Extracted data entries:
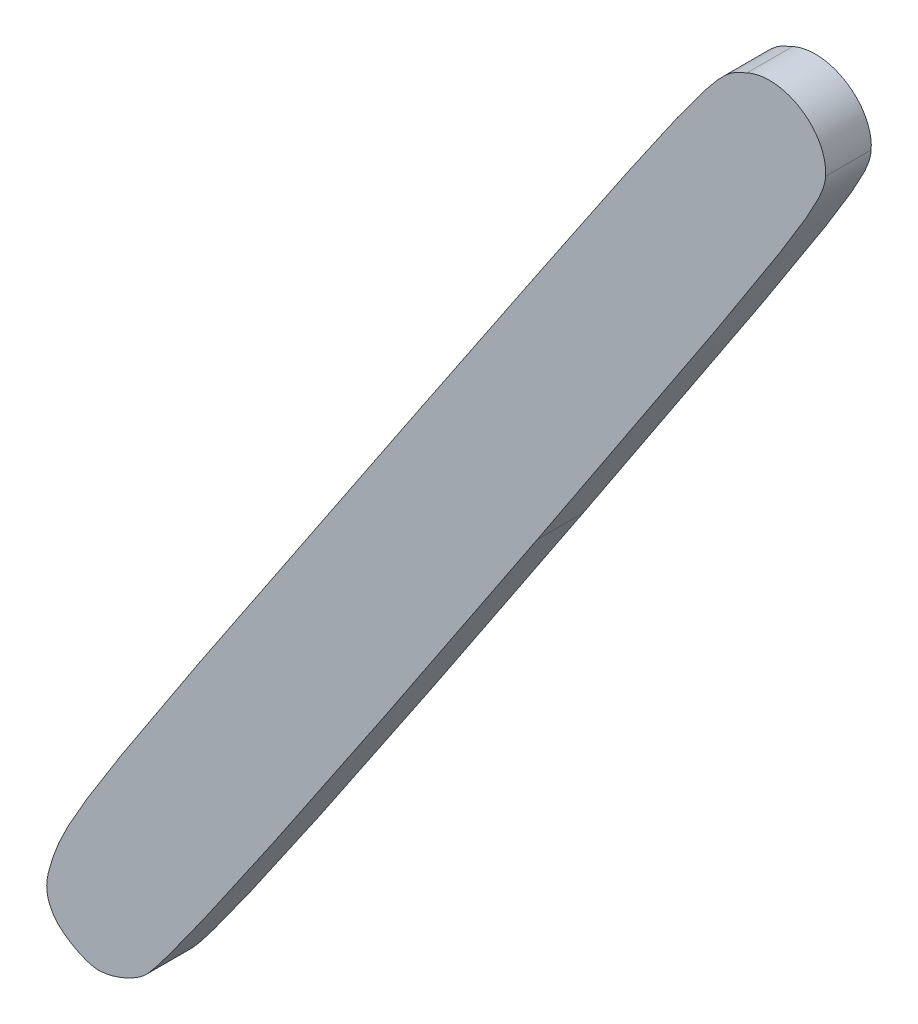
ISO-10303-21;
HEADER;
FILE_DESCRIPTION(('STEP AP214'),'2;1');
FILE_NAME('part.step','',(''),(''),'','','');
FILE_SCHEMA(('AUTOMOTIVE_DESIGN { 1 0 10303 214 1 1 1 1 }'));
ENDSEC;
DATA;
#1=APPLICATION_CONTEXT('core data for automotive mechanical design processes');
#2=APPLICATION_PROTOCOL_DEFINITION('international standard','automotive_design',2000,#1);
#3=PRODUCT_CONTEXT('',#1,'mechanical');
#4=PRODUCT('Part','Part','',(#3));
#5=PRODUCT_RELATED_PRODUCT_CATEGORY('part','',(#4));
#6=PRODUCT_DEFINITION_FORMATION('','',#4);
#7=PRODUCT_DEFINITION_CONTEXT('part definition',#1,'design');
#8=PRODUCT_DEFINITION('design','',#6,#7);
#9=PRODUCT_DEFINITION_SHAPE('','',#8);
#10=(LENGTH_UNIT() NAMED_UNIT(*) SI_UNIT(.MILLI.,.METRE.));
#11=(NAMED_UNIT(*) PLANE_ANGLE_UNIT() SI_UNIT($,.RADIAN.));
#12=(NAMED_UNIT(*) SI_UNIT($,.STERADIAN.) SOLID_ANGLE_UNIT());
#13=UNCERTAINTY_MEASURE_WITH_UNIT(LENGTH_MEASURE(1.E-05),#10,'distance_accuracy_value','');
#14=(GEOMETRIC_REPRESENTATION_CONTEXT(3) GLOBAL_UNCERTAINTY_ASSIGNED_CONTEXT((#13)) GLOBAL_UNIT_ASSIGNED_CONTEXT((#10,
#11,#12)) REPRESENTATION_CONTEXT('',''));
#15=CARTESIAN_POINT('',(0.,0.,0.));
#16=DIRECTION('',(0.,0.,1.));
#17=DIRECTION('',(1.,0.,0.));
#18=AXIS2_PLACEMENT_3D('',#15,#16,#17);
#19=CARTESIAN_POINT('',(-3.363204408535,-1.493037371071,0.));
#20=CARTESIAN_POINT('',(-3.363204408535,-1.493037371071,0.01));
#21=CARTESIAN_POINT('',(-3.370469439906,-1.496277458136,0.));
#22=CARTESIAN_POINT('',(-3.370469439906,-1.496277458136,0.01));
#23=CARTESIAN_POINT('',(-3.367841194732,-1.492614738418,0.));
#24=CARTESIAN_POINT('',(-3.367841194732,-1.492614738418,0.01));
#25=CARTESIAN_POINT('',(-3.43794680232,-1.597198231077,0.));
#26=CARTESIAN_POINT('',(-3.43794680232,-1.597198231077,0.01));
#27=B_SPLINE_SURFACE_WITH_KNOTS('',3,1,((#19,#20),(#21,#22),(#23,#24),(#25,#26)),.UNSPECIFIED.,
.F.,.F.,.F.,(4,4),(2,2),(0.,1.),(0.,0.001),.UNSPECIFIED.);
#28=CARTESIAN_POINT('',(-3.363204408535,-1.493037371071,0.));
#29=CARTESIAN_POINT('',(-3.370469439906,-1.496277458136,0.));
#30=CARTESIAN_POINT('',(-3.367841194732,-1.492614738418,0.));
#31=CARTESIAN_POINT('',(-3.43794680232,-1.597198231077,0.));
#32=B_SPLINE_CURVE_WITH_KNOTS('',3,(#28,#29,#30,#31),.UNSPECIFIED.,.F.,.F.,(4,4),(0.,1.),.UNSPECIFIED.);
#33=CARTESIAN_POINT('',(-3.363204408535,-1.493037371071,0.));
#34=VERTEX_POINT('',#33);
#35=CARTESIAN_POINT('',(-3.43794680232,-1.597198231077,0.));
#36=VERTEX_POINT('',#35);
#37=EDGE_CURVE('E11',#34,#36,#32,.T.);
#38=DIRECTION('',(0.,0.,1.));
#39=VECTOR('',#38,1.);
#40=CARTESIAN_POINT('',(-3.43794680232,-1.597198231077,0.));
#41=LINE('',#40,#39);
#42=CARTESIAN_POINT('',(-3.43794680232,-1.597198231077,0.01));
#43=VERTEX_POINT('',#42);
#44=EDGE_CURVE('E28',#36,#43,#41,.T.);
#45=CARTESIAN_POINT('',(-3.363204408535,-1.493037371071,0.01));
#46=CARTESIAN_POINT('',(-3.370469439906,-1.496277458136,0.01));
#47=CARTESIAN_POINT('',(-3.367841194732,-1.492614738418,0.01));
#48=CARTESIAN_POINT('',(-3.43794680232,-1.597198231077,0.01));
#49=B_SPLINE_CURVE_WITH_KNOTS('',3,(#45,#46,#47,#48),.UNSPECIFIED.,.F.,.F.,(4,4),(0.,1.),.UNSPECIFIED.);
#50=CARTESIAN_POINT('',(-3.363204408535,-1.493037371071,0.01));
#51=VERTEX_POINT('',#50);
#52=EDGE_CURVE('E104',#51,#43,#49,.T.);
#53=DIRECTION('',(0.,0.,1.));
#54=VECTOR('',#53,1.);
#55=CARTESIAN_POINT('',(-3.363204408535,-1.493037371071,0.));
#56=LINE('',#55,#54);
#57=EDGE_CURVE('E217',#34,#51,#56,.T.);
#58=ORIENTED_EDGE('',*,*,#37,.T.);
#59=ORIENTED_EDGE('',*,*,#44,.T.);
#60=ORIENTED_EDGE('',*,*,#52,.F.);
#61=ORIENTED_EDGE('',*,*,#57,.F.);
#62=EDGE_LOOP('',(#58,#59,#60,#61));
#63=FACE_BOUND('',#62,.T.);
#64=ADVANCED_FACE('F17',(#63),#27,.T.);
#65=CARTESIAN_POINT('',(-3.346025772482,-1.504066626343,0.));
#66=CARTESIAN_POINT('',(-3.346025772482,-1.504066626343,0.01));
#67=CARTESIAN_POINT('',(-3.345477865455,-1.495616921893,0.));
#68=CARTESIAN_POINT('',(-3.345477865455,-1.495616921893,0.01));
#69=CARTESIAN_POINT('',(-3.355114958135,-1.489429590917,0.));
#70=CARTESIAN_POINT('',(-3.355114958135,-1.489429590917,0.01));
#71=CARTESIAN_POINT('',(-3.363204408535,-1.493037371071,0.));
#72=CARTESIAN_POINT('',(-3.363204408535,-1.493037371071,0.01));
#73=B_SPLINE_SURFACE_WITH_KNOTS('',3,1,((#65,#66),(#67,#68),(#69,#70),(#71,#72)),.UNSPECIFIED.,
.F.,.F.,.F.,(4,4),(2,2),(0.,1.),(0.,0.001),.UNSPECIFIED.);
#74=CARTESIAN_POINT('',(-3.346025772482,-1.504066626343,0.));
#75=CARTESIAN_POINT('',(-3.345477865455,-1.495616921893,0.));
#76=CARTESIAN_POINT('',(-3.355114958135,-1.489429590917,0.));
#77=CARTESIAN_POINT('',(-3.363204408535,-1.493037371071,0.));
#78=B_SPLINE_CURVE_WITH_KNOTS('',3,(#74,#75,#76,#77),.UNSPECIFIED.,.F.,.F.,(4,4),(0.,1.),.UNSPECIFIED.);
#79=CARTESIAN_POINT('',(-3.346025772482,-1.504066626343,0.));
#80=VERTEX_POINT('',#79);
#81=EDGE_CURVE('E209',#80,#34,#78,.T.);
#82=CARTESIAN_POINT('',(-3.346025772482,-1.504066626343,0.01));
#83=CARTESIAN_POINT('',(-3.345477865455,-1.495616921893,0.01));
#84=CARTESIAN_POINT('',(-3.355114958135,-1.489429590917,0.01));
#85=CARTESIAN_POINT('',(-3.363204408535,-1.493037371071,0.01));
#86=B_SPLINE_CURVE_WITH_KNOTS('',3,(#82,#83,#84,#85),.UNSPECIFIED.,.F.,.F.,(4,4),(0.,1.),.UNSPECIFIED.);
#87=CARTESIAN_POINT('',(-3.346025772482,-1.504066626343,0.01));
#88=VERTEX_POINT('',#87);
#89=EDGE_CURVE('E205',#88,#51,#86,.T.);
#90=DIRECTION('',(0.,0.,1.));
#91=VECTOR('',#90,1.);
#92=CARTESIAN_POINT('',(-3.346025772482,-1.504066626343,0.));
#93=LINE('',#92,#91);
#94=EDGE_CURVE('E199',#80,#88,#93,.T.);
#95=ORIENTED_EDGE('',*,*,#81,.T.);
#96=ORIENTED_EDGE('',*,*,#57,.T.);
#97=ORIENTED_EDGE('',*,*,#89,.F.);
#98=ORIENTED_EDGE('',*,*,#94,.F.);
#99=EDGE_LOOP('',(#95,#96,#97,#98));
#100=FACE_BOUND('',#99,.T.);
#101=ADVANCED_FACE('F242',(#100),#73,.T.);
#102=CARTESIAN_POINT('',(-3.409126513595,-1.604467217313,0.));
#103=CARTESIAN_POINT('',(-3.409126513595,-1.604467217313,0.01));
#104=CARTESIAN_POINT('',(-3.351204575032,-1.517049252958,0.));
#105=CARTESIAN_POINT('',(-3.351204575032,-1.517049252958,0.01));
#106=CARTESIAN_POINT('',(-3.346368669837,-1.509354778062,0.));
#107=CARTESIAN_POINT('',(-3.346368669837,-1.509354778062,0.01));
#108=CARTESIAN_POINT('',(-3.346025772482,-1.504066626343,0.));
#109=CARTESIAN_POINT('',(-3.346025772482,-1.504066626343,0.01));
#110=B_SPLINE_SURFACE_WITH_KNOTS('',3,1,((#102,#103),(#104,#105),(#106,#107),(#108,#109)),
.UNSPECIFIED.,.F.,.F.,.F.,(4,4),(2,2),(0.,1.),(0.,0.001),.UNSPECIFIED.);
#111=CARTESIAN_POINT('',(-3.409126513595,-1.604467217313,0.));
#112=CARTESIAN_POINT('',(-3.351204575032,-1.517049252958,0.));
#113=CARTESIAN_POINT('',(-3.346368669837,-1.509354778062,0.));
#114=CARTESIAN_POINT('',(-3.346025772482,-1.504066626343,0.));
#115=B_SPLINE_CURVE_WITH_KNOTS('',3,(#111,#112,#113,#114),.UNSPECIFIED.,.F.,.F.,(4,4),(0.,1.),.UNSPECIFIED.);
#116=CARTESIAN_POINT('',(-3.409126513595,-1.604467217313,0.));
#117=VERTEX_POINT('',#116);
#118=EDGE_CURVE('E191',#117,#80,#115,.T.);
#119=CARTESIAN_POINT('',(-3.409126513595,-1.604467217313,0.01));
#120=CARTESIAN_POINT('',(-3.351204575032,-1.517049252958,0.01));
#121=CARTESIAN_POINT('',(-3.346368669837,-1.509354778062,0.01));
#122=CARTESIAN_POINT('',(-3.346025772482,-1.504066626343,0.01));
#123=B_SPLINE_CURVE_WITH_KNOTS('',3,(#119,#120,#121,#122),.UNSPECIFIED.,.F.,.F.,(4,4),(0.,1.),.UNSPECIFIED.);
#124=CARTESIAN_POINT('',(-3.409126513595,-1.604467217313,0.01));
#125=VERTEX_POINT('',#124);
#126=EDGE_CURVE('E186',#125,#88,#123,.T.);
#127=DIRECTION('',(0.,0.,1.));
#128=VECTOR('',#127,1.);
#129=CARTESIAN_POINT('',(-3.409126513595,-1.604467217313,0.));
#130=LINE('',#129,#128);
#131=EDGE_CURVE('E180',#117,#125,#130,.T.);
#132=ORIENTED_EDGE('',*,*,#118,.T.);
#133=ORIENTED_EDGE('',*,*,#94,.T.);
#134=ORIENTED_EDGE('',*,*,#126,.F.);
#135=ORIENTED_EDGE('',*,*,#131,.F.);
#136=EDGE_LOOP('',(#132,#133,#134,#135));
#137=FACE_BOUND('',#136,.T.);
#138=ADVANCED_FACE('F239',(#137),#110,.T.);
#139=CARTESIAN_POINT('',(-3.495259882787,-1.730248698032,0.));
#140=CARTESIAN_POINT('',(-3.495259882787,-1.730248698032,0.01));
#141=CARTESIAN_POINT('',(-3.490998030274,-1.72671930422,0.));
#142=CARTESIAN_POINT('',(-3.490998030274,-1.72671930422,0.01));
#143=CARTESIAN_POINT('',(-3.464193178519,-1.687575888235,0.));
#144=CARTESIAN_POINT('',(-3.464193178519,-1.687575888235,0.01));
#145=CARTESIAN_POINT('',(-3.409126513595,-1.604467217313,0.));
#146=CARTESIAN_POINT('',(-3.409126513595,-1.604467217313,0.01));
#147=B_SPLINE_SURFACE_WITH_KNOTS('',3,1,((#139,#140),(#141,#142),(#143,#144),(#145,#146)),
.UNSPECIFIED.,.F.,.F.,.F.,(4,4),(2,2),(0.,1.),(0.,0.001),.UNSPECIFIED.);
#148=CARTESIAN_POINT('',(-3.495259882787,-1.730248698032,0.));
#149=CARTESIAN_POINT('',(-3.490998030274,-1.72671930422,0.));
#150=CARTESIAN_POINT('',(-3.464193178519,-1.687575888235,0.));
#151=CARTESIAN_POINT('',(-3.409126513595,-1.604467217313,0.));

Instructions to follow
Copy each line from the records above that includes the string "VECTOR".

Response for this exercise
#39=VECTOR('',#38,1.);
#54=VECTOR('',#53,1.);
#91=VECTOR('',#90,1.);
#128=VECTOR('',#127,1.);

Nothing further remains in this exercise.